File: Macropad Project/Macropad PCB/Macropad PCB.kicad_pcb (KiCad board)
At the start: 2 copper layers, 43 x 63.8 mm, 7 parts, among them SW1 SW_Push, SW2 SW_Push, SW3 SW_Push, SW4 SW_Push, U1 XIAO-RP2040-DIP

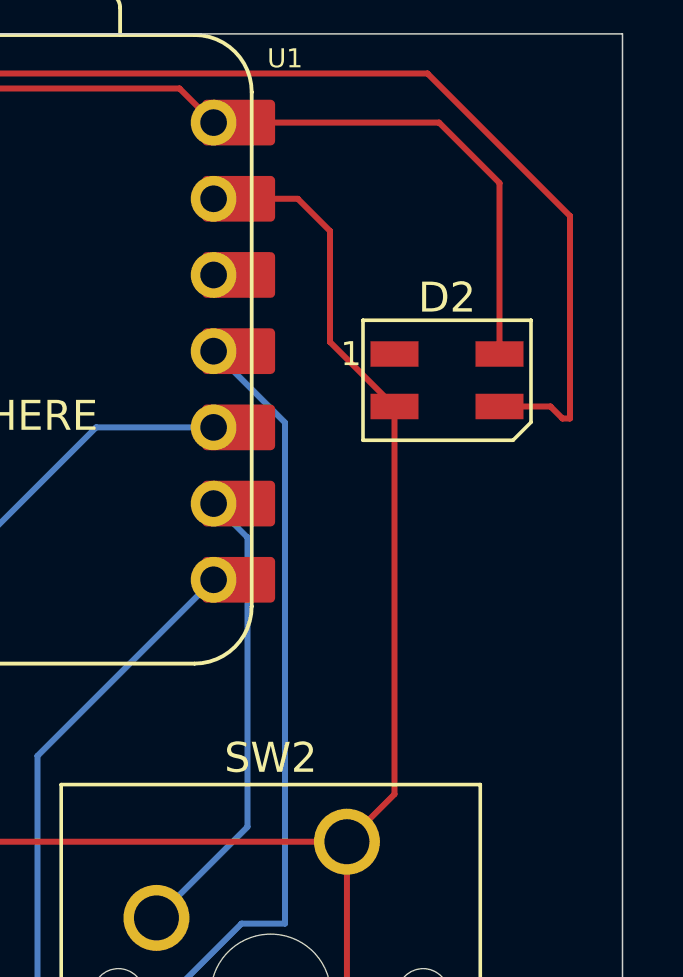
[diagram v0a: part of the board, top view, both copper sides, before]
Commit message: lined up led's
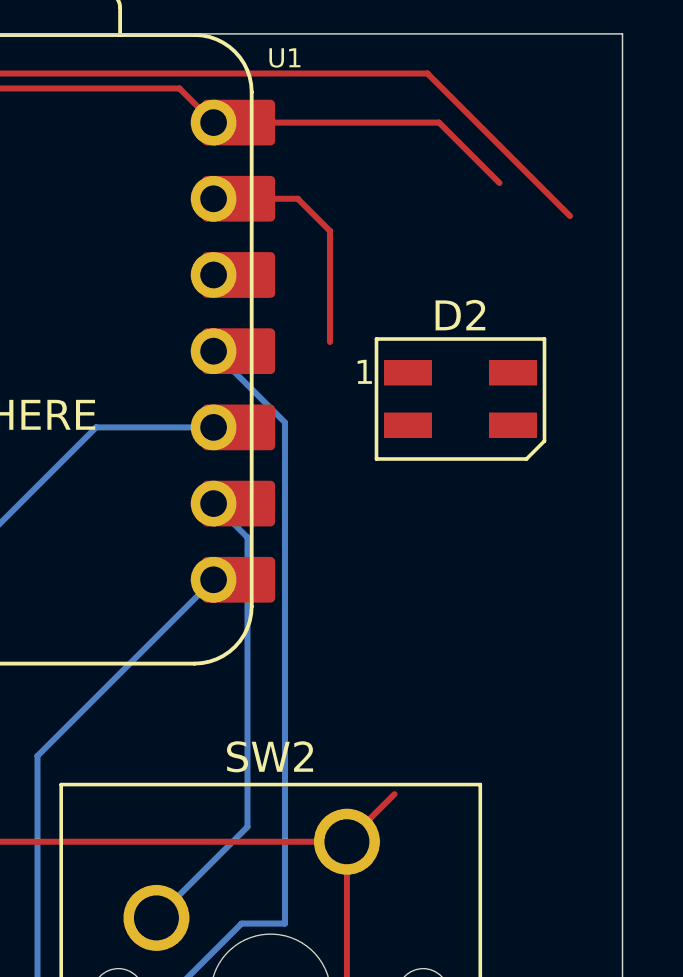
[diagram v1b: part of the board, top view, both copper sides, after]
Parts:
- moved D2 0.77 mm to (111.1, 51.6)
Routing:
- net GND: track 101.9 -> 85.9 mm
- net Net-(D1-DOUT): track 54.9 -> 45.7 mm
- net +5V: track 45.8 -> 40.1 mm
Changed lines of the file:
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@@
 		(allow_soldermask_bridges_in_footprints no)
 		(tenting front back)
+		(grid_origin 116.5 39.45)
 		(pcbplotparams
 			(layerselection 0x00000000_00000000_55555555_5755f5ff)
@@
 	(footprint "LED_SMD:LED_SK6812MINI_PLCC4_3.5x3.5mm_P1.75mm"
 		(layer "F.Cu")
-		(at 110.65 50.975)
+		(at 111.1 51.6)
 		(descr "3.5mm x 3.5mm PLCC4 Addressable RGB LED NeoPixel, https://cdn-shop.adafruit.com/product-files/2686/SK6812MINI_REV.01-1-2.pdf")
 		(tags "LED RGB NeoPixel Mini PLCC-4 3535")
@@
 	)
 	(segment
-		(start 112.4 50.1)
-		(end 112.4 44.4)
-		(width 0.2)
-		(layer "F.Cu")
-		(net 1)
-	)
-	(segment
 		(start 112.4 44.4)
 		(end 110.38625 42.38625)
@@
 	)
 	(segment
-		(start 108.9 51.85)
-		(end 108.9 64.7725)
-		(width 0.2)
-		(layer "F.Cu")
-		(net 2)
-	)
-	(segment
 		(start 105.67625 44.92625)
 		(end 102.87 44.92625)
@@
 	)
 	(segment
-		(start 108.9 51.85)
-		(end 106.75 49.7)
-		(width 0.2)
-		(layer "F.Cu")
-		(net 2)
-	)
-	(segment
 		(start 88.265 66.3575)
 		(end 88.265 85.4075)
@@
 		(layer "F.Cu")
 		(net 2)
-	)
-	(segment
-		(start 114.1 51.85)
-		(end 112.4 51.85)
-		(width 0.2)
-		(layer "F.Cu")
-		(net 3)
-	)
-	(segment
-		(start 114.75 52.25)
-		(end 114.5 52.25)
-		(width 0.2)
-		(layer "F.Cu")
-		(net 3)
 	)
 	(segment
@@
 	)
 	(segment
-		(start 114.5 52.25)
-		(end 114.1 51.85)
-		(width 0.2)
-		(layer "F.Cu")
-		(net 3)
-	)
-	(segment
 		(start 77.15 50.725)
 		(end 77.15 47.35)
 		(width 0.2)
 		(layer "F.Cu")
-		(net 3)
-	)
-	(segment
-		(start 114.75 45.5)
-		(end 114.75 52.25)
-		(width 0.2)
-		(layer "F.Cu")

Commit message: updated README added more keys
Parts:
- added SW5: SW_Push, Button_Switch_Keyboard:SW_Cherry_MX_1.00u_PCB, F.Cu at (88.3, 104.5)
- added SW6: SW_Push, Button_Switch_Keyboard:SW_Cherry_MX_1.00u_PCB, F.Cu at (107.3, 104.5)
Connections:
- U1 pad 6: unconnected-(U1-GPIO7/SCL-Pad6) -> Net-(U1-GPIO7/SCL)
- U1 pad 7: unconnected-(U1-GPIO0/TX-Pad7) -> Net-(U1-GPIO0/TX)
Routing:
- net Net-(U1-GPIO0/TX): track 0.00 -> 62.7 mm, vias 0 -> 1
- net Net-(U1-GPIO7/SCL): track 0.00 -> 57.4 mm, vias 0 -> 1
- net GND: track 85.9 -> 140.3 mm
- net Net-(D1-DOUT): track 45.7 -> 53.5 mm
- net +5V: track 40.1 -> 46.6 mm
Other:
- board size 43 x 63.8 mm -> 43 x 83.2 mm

::::::::::

▶ Exercise:
Only an exact, picture-free copy of the entries counts as the answer.

▶ Result of the task:
File: Macropad Project/Macropad PCB/Macropad PCB.kicad_pcb (KiCad board)
At the start: 2 copper layers, 43 x 63.8 mm, 7 parts, among them SW1 SW_Push, SW2 SW_Push, SW3 SW_Push, SW4 SW_Push, U1 XIAO-RP2040-DIP

[diagram v0a: part of the board, top view, both copper sides, before]
Commit message: lined up led's
[diagram v1b: part of the board, top view, both copper sides, after]
Parts:
- moved D2 0.77 mm to (111.1, 51.6)
Routing:
- net GND: track 101.9 -> 85.9 mm
- net Net-(D1-DOUT): track 54.9 -> 45.7 mm
- net +5V: track 45.8 -> 40.1 mm
Changed lines of the file:
@@
 		(allow_soldermask_bridges_in_footprints no)
 		(tenting front back)
+		(grid_origin 116.5 39.45)
 		(pcbplotparams
 			(layerselection 0x00000000_00000000_55555555_5755f5ff)
@@
 	(footprint "LED_SMD:LED_SK6812MINI_PLCC4_3.5x3.5mm_P1.75mm"
 		(layer "F.Cu")
-		(at 110.65 50.975)
+		(at 111.1 51.6)
 		(descr "3.5mm x 3.5mm PLCC4 Addressable RGB LED NeoPixel, https://cdn-shop.adafruit.com/product-files/2686/SK6812MINI_REV.01-1-2.pdf")
 		(tags "LED RGB NeoPixel Mini PLCC-4 3535")
@@
 	)
 	(segment
-		(start 112.4 50.1)
-		(end 112.4 44.4)
-		(width 0.2)
-		(layer "F.Cu")
-		(net 1)
-	)
-	(segment
 		(start 112.4 44.4)
 		(end 110.38625 42.38625)
@@
 	)
 	(segment
-		(start 108.9 51.85)
-		(end 108.9 64.7725)
-		(width 0.2)
-		(layer "F.Cu")
-		(net 2)
-	)
-	(segment
 		(start 105.67625 44.92625)
 		(end 102.87 44.92625)
@@
 	)
 	(segment
-		(start 108.9 51.85)
-		(end 106.75 49.7)
-		(width 0.2)
-		(layer "F.Cu")
-		(net 2)
-	)
-	(segment
 		(start 88.265 66.3575)
 		(end 88.265 85.4075)
@@
 		(layer "F.Cu")
 		(net 2)
-	)
-	(segment
-		(start 114.1 51.85)
-		(end 112.4 51.85)
-		(width 0.2)
-		(layer "F.Cu")
-		(net 3)
-	)
-	(segment
-		(start 114.75 52.25)
-		(end 114.5 52.25)
-		(width 0.2)
-		(layer "F.Cu")
-		(net 3)
 	)
 	(segment
@@
 	)
 	(segment
-		(start 114.5 52.25)
-		(end 114.1 51.85)
-		(width 0.2)
-		(layer "F.Cu")
-		(net 3)
-	)
-	(segment
 		(start 77.15 50.725)
 		(end 77.15 47.35)
 		(width 0.2)
 		(layer "F.Cu")
-		(net 3)
-	)
-	(segment
-		(start 114.75 45.5)
-		(end 114.75 52.25)
-		(width 0.2)
-		(layer "F.Cu")

Commit message: updated README added more keys
Parts:
- added SW5: SW_Push, Button_Switch_Keyboard:SW_Cherry_MX_1.00u_PCB, F.Cu at (88.3, 104.5)
- added SW6: SW_Push, Button_Switch_Keyboard:SW_Cherry_MX_1.00u_PCB, F.Cu at (107.3, 104.5)
Connections:
- U1 pad 6: unconnected-(U1-GPIO7/SCL-Pad6) -> Net-(U1-GPIO7/SCL)
- U1 pad 7: unconnected-(U1-GPIO0/TX-Pad7) -> Net-(U1-GPIO0/TX)
Routing:
- net Net-(U1-GPIO0/TX): track 0.00 -> 62.7 mm, vias 0 -> 1
- net Net-(U1-GPIO7/SCL): track 0.00 -> 57.4 mm, vias 0 -> 1
- net GND: track 85.9 -> 140.3 mm
- net Net-(D1-DOUT): track 45.7 -> 53.5 mm
- net +5V: track 40.1 -> 46.6 mm
Other:
- board size 43 x 63.8 mm -> 43 x 83.2 mm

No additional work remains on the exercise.